Het verloop van de procedure blijkt uit:
- de dagvaarding van 20 november 2024;
- de conclusie van antwoord van 18 december 2024;
- de conclusie van repliek van 22 januari 2025;
- de conclusie van dupliek van 12 maart 2025.
1.2.
Ten slotte is bepaald dat vandaag het vonnis wordt gewezen.

2.De kern van de zaak

2.1.
[gedaagde] heeft op 29 mei 2024 voor € 500,00 spullen verkocht aan [eiseres] . Dit gebeurde aan de deur bij de woning van [eiseres] . [eiseres] heeft de koop ontbonden met een beroep haar recht tot ongedaanmaking van de (ver)koop binnen de (verlengde) bedenktermijn. [gedaagde] vindt het onredelijk dat [eiseres] het volledige aankoopbedrag terugvraagt, hoewel zij volgens hem maar een deel van de spullen wilde terugsturen. De kantonrechter wijst de vordering van [eiseres] toe. Dit betekent dat [gedaagde] € 500,00 aan [eiseres] moet betalen en de spullen moet terugnemen.

3.De beoordeling

3.1.
In deze zaak staat vast dat [eiseres] consument is, [gedaagde] handelaar is en de koopovereenkomst buiten de verkoopruimte is gesloten.
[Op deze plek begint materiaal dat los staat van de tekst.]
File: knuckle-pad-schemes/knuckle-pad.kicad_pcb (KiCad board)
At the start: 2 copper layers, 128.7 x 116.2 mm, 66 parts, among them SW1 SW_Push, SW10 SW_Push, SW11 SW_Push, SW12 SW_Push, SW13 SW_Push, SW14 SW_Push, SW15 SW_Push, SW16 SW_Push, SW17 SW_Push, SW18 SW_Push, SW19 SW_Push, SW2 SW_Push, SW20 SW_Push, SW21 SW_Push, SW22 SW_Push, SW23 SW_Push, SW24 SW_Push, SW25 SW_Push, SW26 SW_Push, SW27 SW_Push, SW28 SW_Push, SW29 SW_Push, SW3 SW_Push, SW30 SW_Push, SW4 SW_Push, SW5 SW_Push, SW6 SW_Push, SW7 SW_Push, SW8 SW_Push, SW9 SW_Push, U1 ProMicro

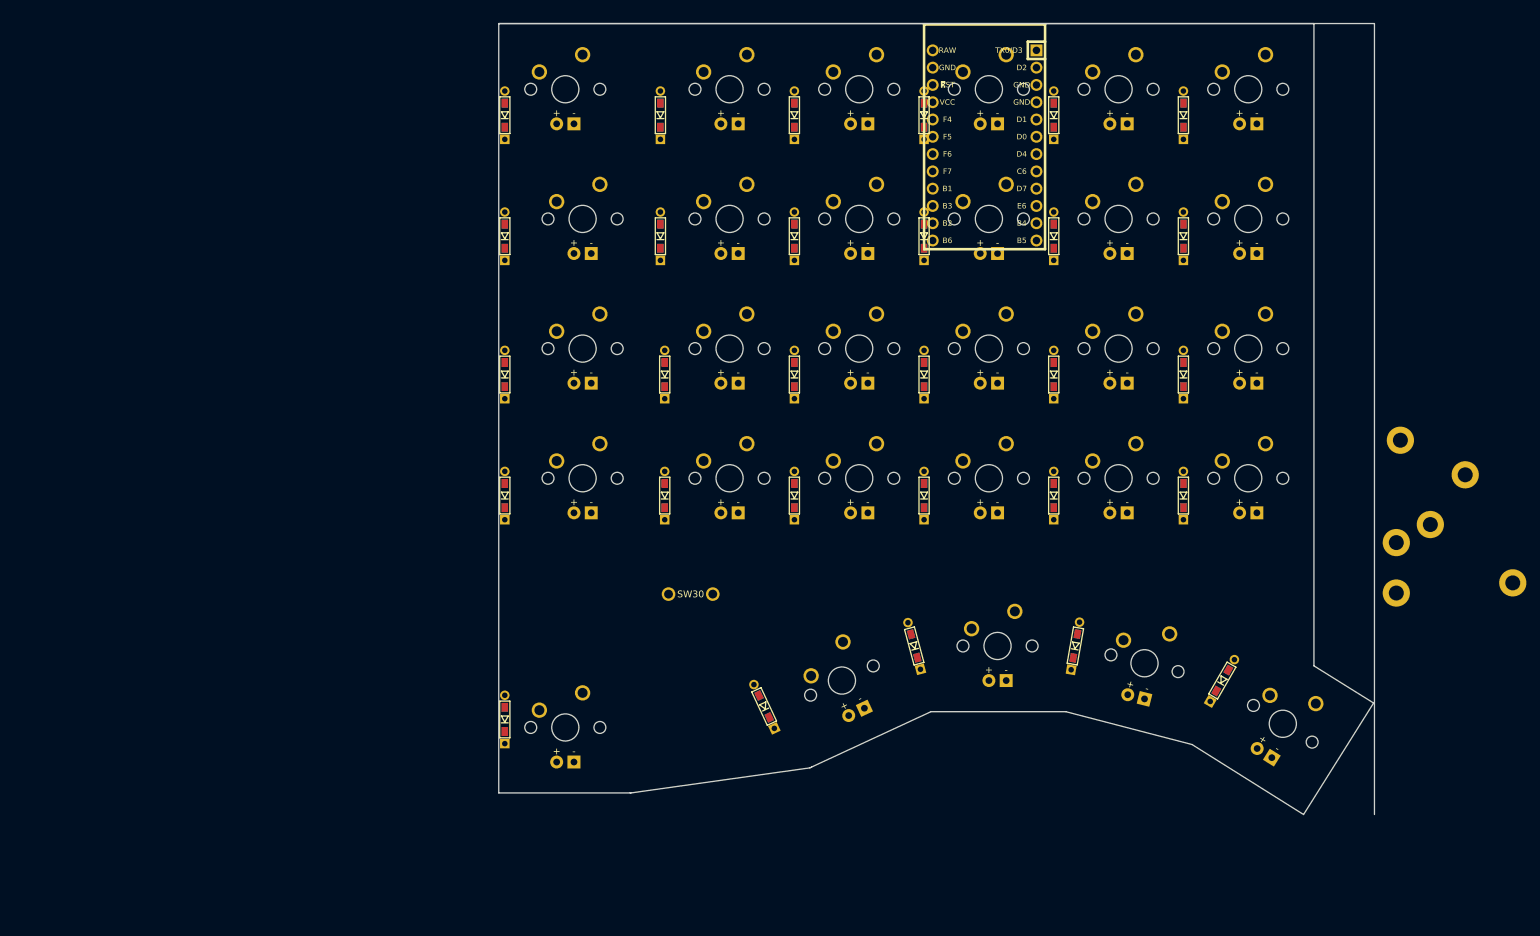
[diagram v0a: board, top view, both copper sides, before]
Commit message: updated pcb shape to (preliminary) final+added pwr_flag to schematic
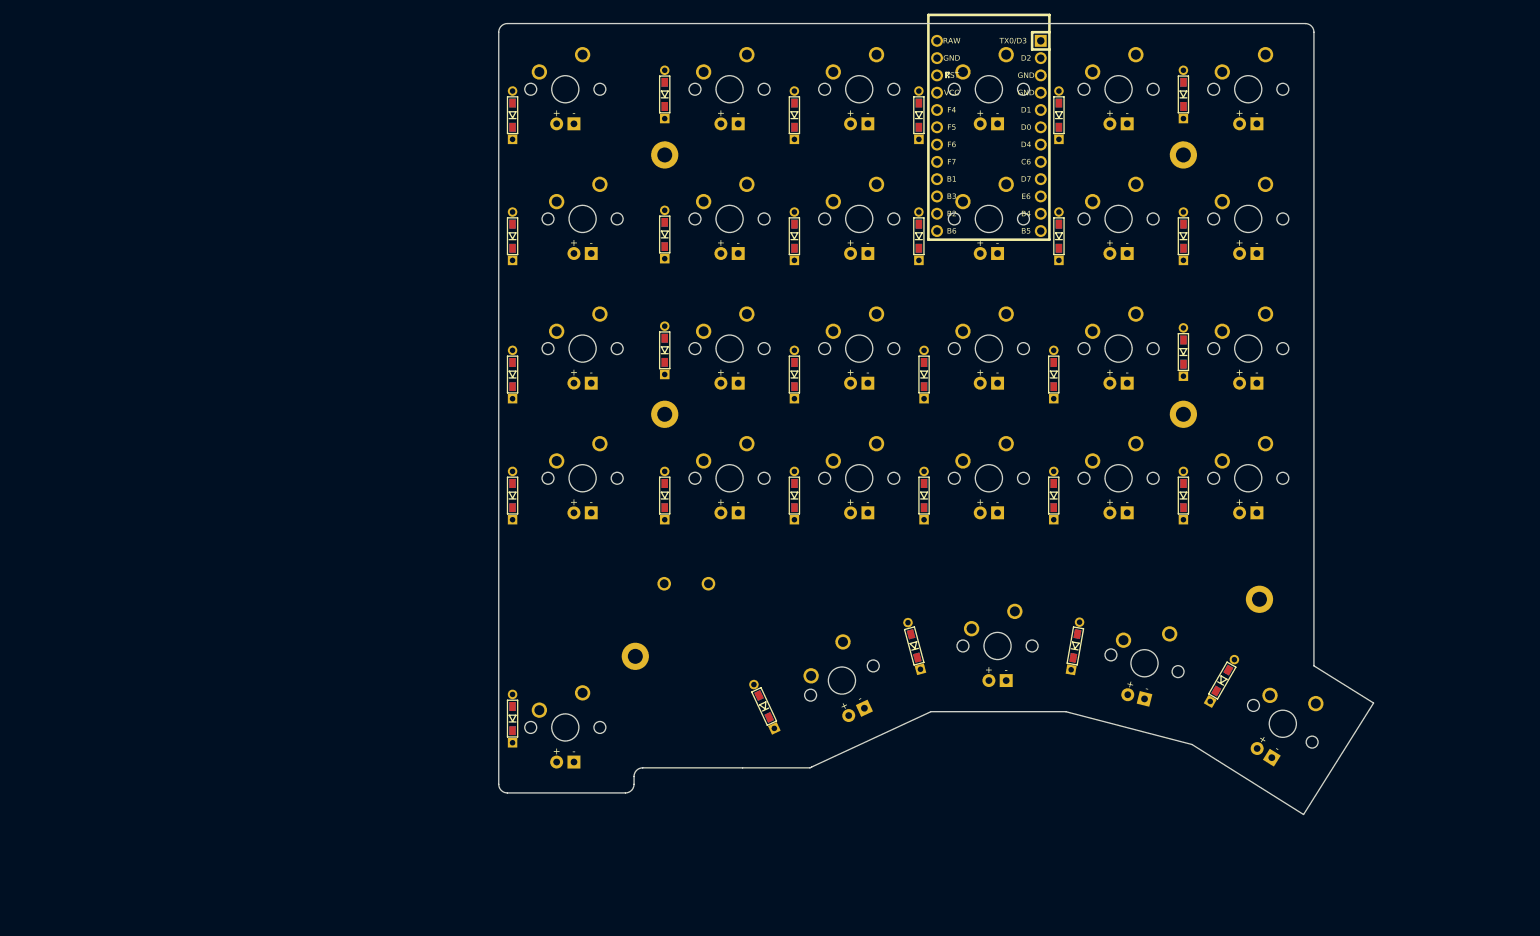
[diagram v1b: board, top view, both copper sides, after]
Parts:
- RST1: renamed from SW30; moved to B.Cu
- moved H3 129.4 mm to (172.2, 110.0)
- moved H2 121.6 mm to (176.5, 36.3)
- moved H4 110.6 mm to (176.5, 74.4)
- moved H5 52.7 mm to (252.7, 36.3)
- moved H1 39.7 mm to (252.7, 74.4)
- moved H6 35.3 mm to (263.9, 101.6)
- moved D8 3.56 mm to (176.5, 65.0)
- moved D27 3.30 mm to (252.7, 65.3)
- moved D6 3.11 mm to (176.5, 27.4)
- moved D25 3.05 mm to (252.7, 27.4)
- moved RST1 1.65 mm to (179.7, 99.3), turned to 180 degrees
- moved U1 1.53 mm to (224.2, 33.5)
- moved D5 1.15 mm to (154.2, 119.1)
- moved D1 1.14 mm to (154.2, 30.5)
- moved D2 1.14 mm to (154.2, 48.3)
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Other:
- board size 128.7 x 116.2 mm -> 128.5 x 116.2 mm

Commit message: push before routing
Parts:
- moved RST1 99.3 mm to (238.4, 19.3)
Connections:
- U1 pad 2: row0 -> Net-(U1-Pad2)
- U1 pad 5: row1 -> Net-(U1-Pad5)
- U1 pad 6: Net-(U1-Pad6) -> row0
- U1 pad 9: Net-(U1-Pad9) -> row1

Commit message: rounded all edges(
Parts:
- D1, D10, D11, D12, D13, D14, D15, D16, D17, D18, D19, D2, D20, D21, D22, D23, D24, D25, D26, D27, D28, D29, D3, D4, D5, D6, D7, D8, D9, RST1, U1: moved to F.Cu
- H1, H2, H3, H4, H5, H6, SW1, SW10, SW11, SW12, SW13, SW14, SW15, SW16, SW17, SW18, SW19, SW2, SW20, SW21, SW22, SW23, SW24, SW25, SW26, SW27, SW28, SW29, SW3, SW4, SW5, SW6, SW7, SW8, SW9: moved to B.Cu
- moved SW29 162.0 mm to (105.4, 126.0), turned to 212 degrees
- moved H6 155.2 mm to (108.8, 107.7), turned to 180 degrees
- moved SW25 151.9 mm to (110.5, 32.8), turned to 180 degrees
- moved SW26 151.9 mm to (110.5, 51.8), turned to 180 degrees
- moved SW27 151.9 mm to (110.5, 70.9), turned to 180 degrees
- moved SW28 151.9 mm to (110.5, 89.9), turned to 180 degrees
- moved D29 144.3 mm to (114.3, 119.6), turned to 120 degrees
- moved D27 132.9 mm to (120.0, 72.1)
- moved D26 132.9 mm to (119.9, 52.9)
- moved D25 132.9 mm to (120.0, 33.5)
- moved H1 132.9 mm to (120.0, 80.5), turned to 180 degrees
- moved H5 132.9 mm to (120.0, 42.4), turned to 180 degrees
- moved D28 132.7 mm to (120.1, 91.1)
- moved SW24 121.4 mm to (125.7, 117.1), turned to 194 degrees
- moved SW20 113.8 mm to (129.5, 32.8), turned to 180 degrees
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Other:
- board size 128.5 x 116.2 mm -> 127.6 x 115.3 mm

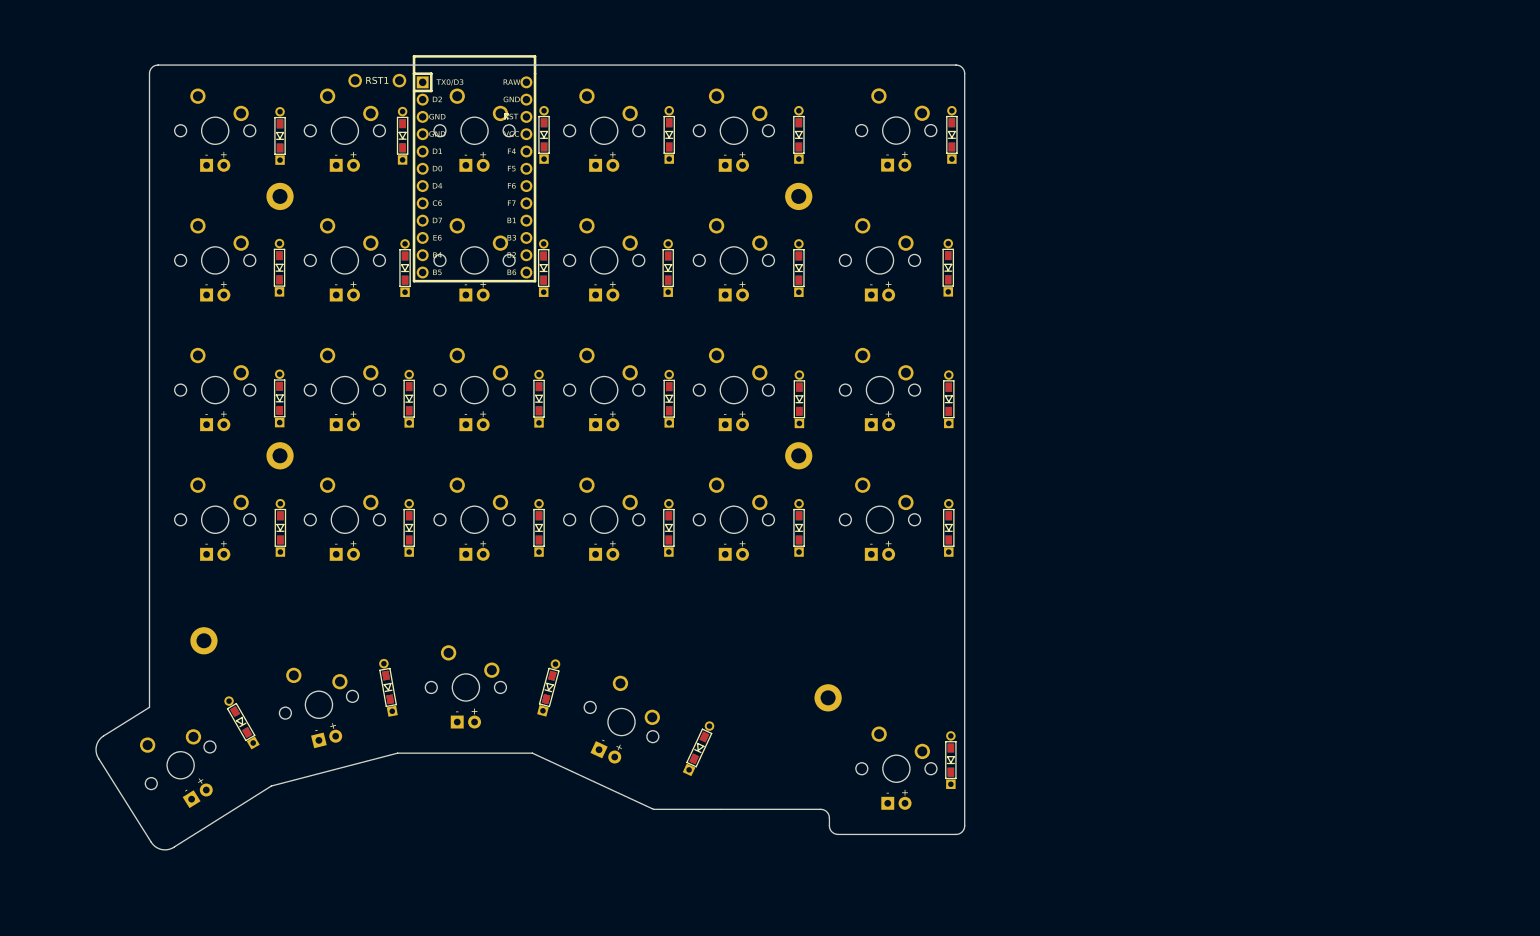
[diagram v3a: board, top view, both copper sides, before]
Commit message: added 1st routing, needs optimization
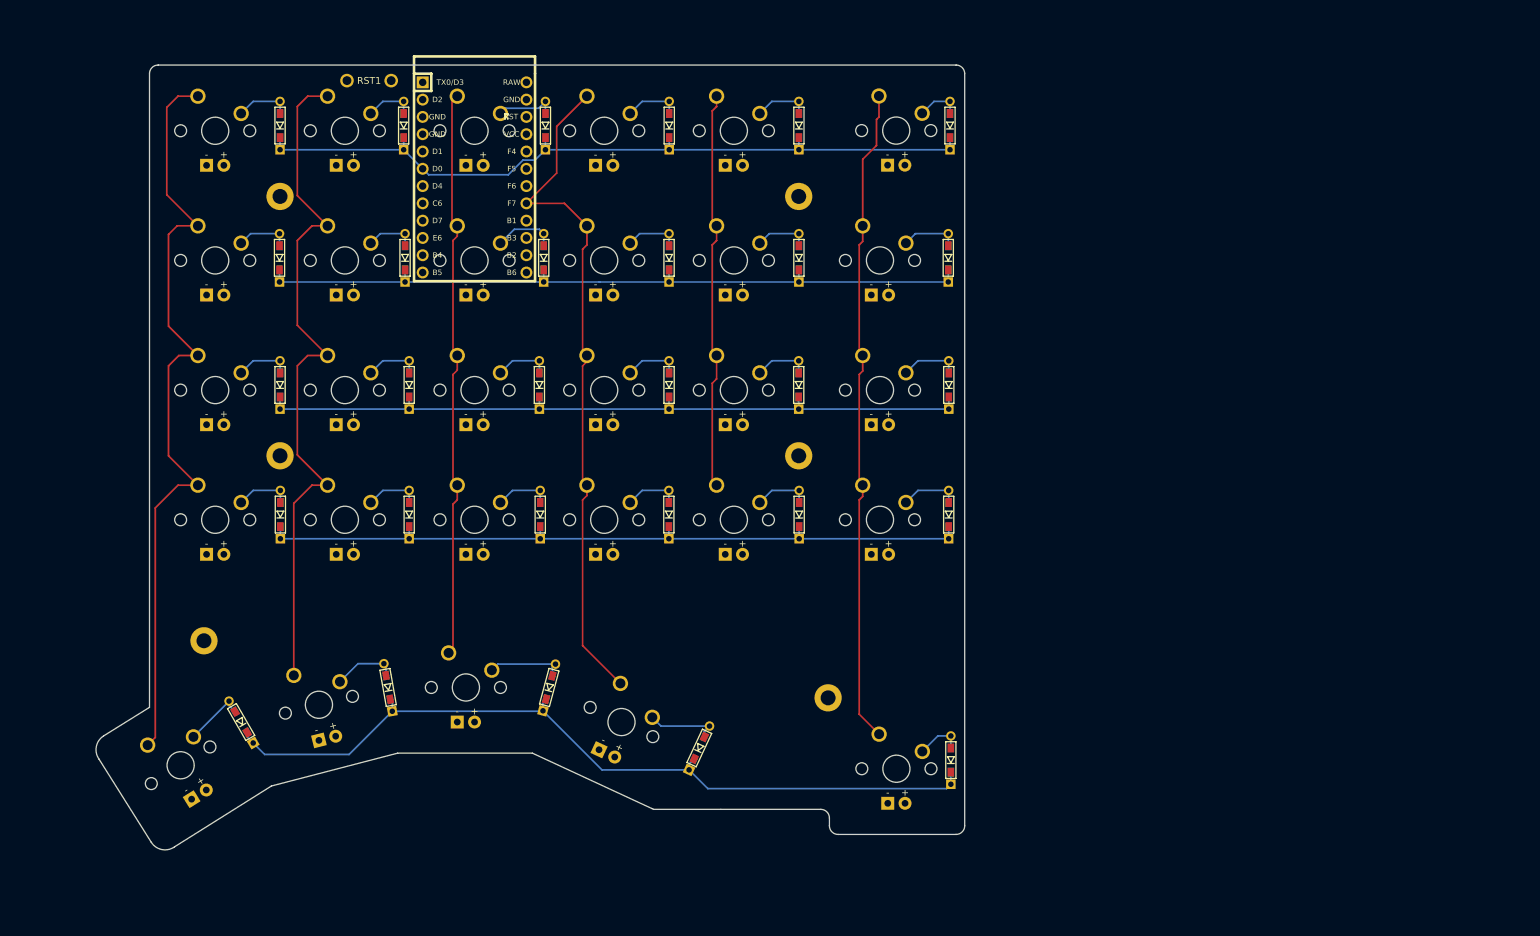
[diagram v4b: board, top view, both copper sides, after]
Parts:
- moved D8 2.10 mm to (196.2, 70.1)
- moved D3 2.10 mm to (218.3, 70.1)
- moved D17 2.03 mm to (158.1, 70.1)
- moved D12 2.03 mm to (177.2, 70.1)
- moved D22 2.02 mm to (139.0, 70.1)
- moved D27 1.98 mm to (120.0, 70.1)
- moved D18 1.96 mm to (158.2, 89.2)
- moved D13 1.96 mm to (177.1, 89.2)
- moved D28 1.96 mm to (120.1, 89.2)
- moved D4 1.95 mm to (218.2, 89.2)
- moved D23 1.95 mm to (139.0, 89.2)
- moved D9 1.95 mm to (196.3, 89.2)
- moved D25 1.52 mm to (120.0, 32.0)
- moved D21 1.50 mm to (138.4, 51.4)
- moved D7 1.50 mm to (196.2, 51.4)
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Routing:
- net row4: track 0.00 -> 120.2 mm
- net col5: track 0.00 -> 116.2 mm
- net row0: track 0.00 -> 112.1 mm
- net row1: track 0.00 -> 108.9 mm
- net row2: track 0.00 -> 108.9 mm
- net row3: track 0.00 -> 108.8 mm
- net col4: track 0.00 -> 104.3 mm
- net col2: track 0.00 -> 100.5 mm
- net col0: track 0.00 -> 97.0 mm
- net col3: track 0.00 -> 84.0 mm
- net col1: track 0.00 -> 58.7 mm
- net Net-(D19-Pad2): track 0.00 -> 11.6 mm
- net Net-(D14-Pad2): track 0.00 -> 10.9 mm
- net Net-(D24-Pad2): track 0.00 -> 9.43 mm
- net Net-(D29-Pad2): track 0.00 -> 9.32 mm
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
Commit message: finished routing
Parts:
- moved RST1 39.1 mm to (172.2, 25.4)
- moved D1 19.1 mm to (199.4, 32.0)
- moved D3 18.8 mm to (199.4, 70.1)
- moved D2 18.8 mm to (199.4, 51.1)
- moved D4 18.8 mm to (199.5, 89.2)
- moved D5 18.1 mm to (200.5, 125.5)
- moved H3 8.41 mm to (201.2, 107.7)
- moved H6 3.94 mm to (112.8, 107.7)
- moved D16 0.83 mm to (159.5, 51.1)
- moved D21 0.65 mm to (137.9, 51.1)
- moved D15 0.46 mm to (159.5, 32.0)
- moved D26 0.39 mm to (120.0, 51.1)
- moved D7 0.38 mm to (196.3, 51.1)
- moved D20 0.38 mm to (137.8, 32.0)
- moved D11 0.38 mm to (177.2, 51.1)
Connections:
- U1 pad 14: col5 -> Net-(U1-Pad14)
- U1 pad 15: col4 -> Net-(U1-Pad15)
- U1 pad 5: Net-(U1-Pad5) -> row0
- U1 pad 6: row0 -> col5
- U1 pad 7: Net-(U1-Pad7) -> col4
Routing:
- net row4: track 120.2 -> 177.3 mm
- net col0: track 97.0 -> 151.4 mm
- net row3: track 108.8 -> 144.7 mm
- net GND: track 0.00 -> 32.7 mm
- net col1: track 58.7 -> 90.3 mm
- net RST: track 0.00 -> 21.8 mm
- net col5: track 116.2 -> 136.8 mm
- net row2: track 108.9 -> 128.1 mm
- net Net-(D1-Pad2): track 6.59 -> 19.2 mm
- net col3: track 84.0 -> 95.6 mm
- net Net-(D5-Pad2): track 6.91 -> 18.3 mm
- net row0: track 112.1 -> 101.7 mm
- net Net-(D2-Pad2): track 8.57 -> 16.9 mm
- net Net-(D3-Pad2): track 8.81 -> 16.8 mm
- net Net-(D4-Pad2): track 8.79 -> 16.8 mm
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
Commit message: added logo and finalized routing
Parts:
- added G***: LOGO, Hybrid-Switches:logo_fin, F.Cu at (94.7, 118.1)
- D1, D10, D11, D12, D13, D14, D15, D16, D17, D18, D19, D2, D20, D21, D22, D23, D24, D25, D26, D27, D28, D29, D3, D4, D5, D6, D7, D8, D9, RST1, U1: moved to B.Cu
- H1, H2, H3, H4, H5, H6, SW1, SW10, SW11, SW12, SW13, SW14, SW15, SW16, SW17, SW18, SW19, SW2, SW20, SW21, SW22, SW23, SW24, SW25, SW26, SW27, SW28, SW29, SW3, SW4, SW5, SW6, SW7, SW8, SW9: moved to F.Cu
- moved SW5 120.1 mm to (90.9, 137.2), turned to 0 degrees
- moved SW1 120.1 mm to (91.0, 43.4), turned to 0 degrees
- moved SW2 115.3 mm to (93.3, 62.5), turned to 0 degrees
- moved SW3 115.3 mm to (93.3, 81.5), turned to 0 degrees
- moved SW4 115.3 mm to (93.3, 100.6), turned to 0 degrees
- moved D5 100.0 mm to (101.0, 136.2)
- moved D4 98.0 mm to (102.0, 99.8)
- moved D3 97.9 mm to (102.1, 80.8)
- moved D1 97.9 mm to (102.1, 42.7)
- moved D2 97.9 mm to (102.1, 61.7)
- moved H3 91.9 mm to (110.7, 124.2), turned to 0 degrees
- moved D7 91.7 mm to (105.2, 61.7)
- moved D9 91.7 mm to (105.2, 99.8)
- moved D6 91.6 mm to (105.3, 42.7)
- moved D8 91.6 mm to (105.3, 80.8)
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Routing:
- net col5: track 136.8 -> 140.9 mm
- net row2: track 128.1 -> 129.0 mm
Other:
- outline, holes or cut-outs redrawn
- board text added: "knuckle-pad"

In artikel 6:230o lid 1 van het Burgerlijk Wetboek (‘BW’) is onder meer bepaald dat de consument ( [eiseres] ) een overeenkomst buiten de verkoopruimte zonder opgave van redenen kan ontbinden binnen veertien dagen na ontvangst van de gekochte spullen. [eiseres] heeft bij aangetekende brief van 4 juni 2024 een beroep gedaan op dit recht om de overeenkomst te ontbinden. Deze brief heeft [gedaagde] niet bereikt, omdat deze niet is afgehaald door hem. Dit is een omstandigheid die op grond van de wet voor rekening van [gedaagde] komt. [1] Daarmee heeft [eiseres] tijdig een beroep gedaan op de herroepingsmogelijkheid. Dit betekent dat [gedaagde] [eiseres] moet terugbetalen.
Verlengde ontbindingstermijn
3.2.
De kantonrechter overweegt ten overvloede dat [gedaagde] voorafgaand aan de overeenkomst de voorwaarden, de termijn en de modaliteiten voor de uitoefening van het herroepingsrecht, en ook het modelformulier voor ontbinding (opgenomen in bijlage I, deel B, van de Europese Richtlijn Consumentenrechten (Richtlijn 2011/83/EU)), aan [eiseres] moest verstrekken. [2] Bij zijn reactie op de dagvaarding (conclusie van antwoord) heeft [gedaagde] een ‘retourneerformulier’ gevoegd, maar dat [eiseres] dit formulier van [gedaagde] heeft gekregen is niet gesteld en blijkt ook nergens uit. Na de stelling van [eiseres] dat zij geen gegevens van [gedaagde] of informatie over het herroepingsrecht had gekregen, lag het op de weg van [gedaagde] om deze stelling te weerleggen. Dit heeft hij niet (voldoende) gedaan. Op het retourneerformulier staat dat de koper contact moet opnemen als hij de koop wil ontbinden. Daarna zal de koper pas worden voorzien van alle benodigde informatie om de spullen te retourneren. Hiermee heeft [gedaagde] niet voldaan aan de informatieplicht ten aanzien van de mogelijkheid tot ontbinding en hij heeft ook geen modelformulier voor ontbinding verstrekt. Als [eiseres] de spullen nog niet heeft teruggestuurd naar [gedaagde] , dan zou dat onder deze omstandigheden ook niet aan haar te wijten zijn.
3.3.
Het gevolg hiervan is dat de ontbindingstermijn wordt verlengd met de tijd die is verstreken tot het moment waarop alle ontbrekende gegevens alsnog op de voorgeschreven wijze aan de consument zijn verstrekt, tot maximaal twaalf maanden. [3] Aangezien niet is gesteld of gebleken dat [eiseres] vóór het indienen van de conclusie van antwoord deze gegevens heeft ontvangen, heeft [eiseres] ook met het uitbrengen van de dagvaarding op 5 november 2024 binnen deze verlengde termijn een geslaagd beroep op ontbinding gedaan.
[gedaagde] moet € 500,- terugbetalen aan [eiseres]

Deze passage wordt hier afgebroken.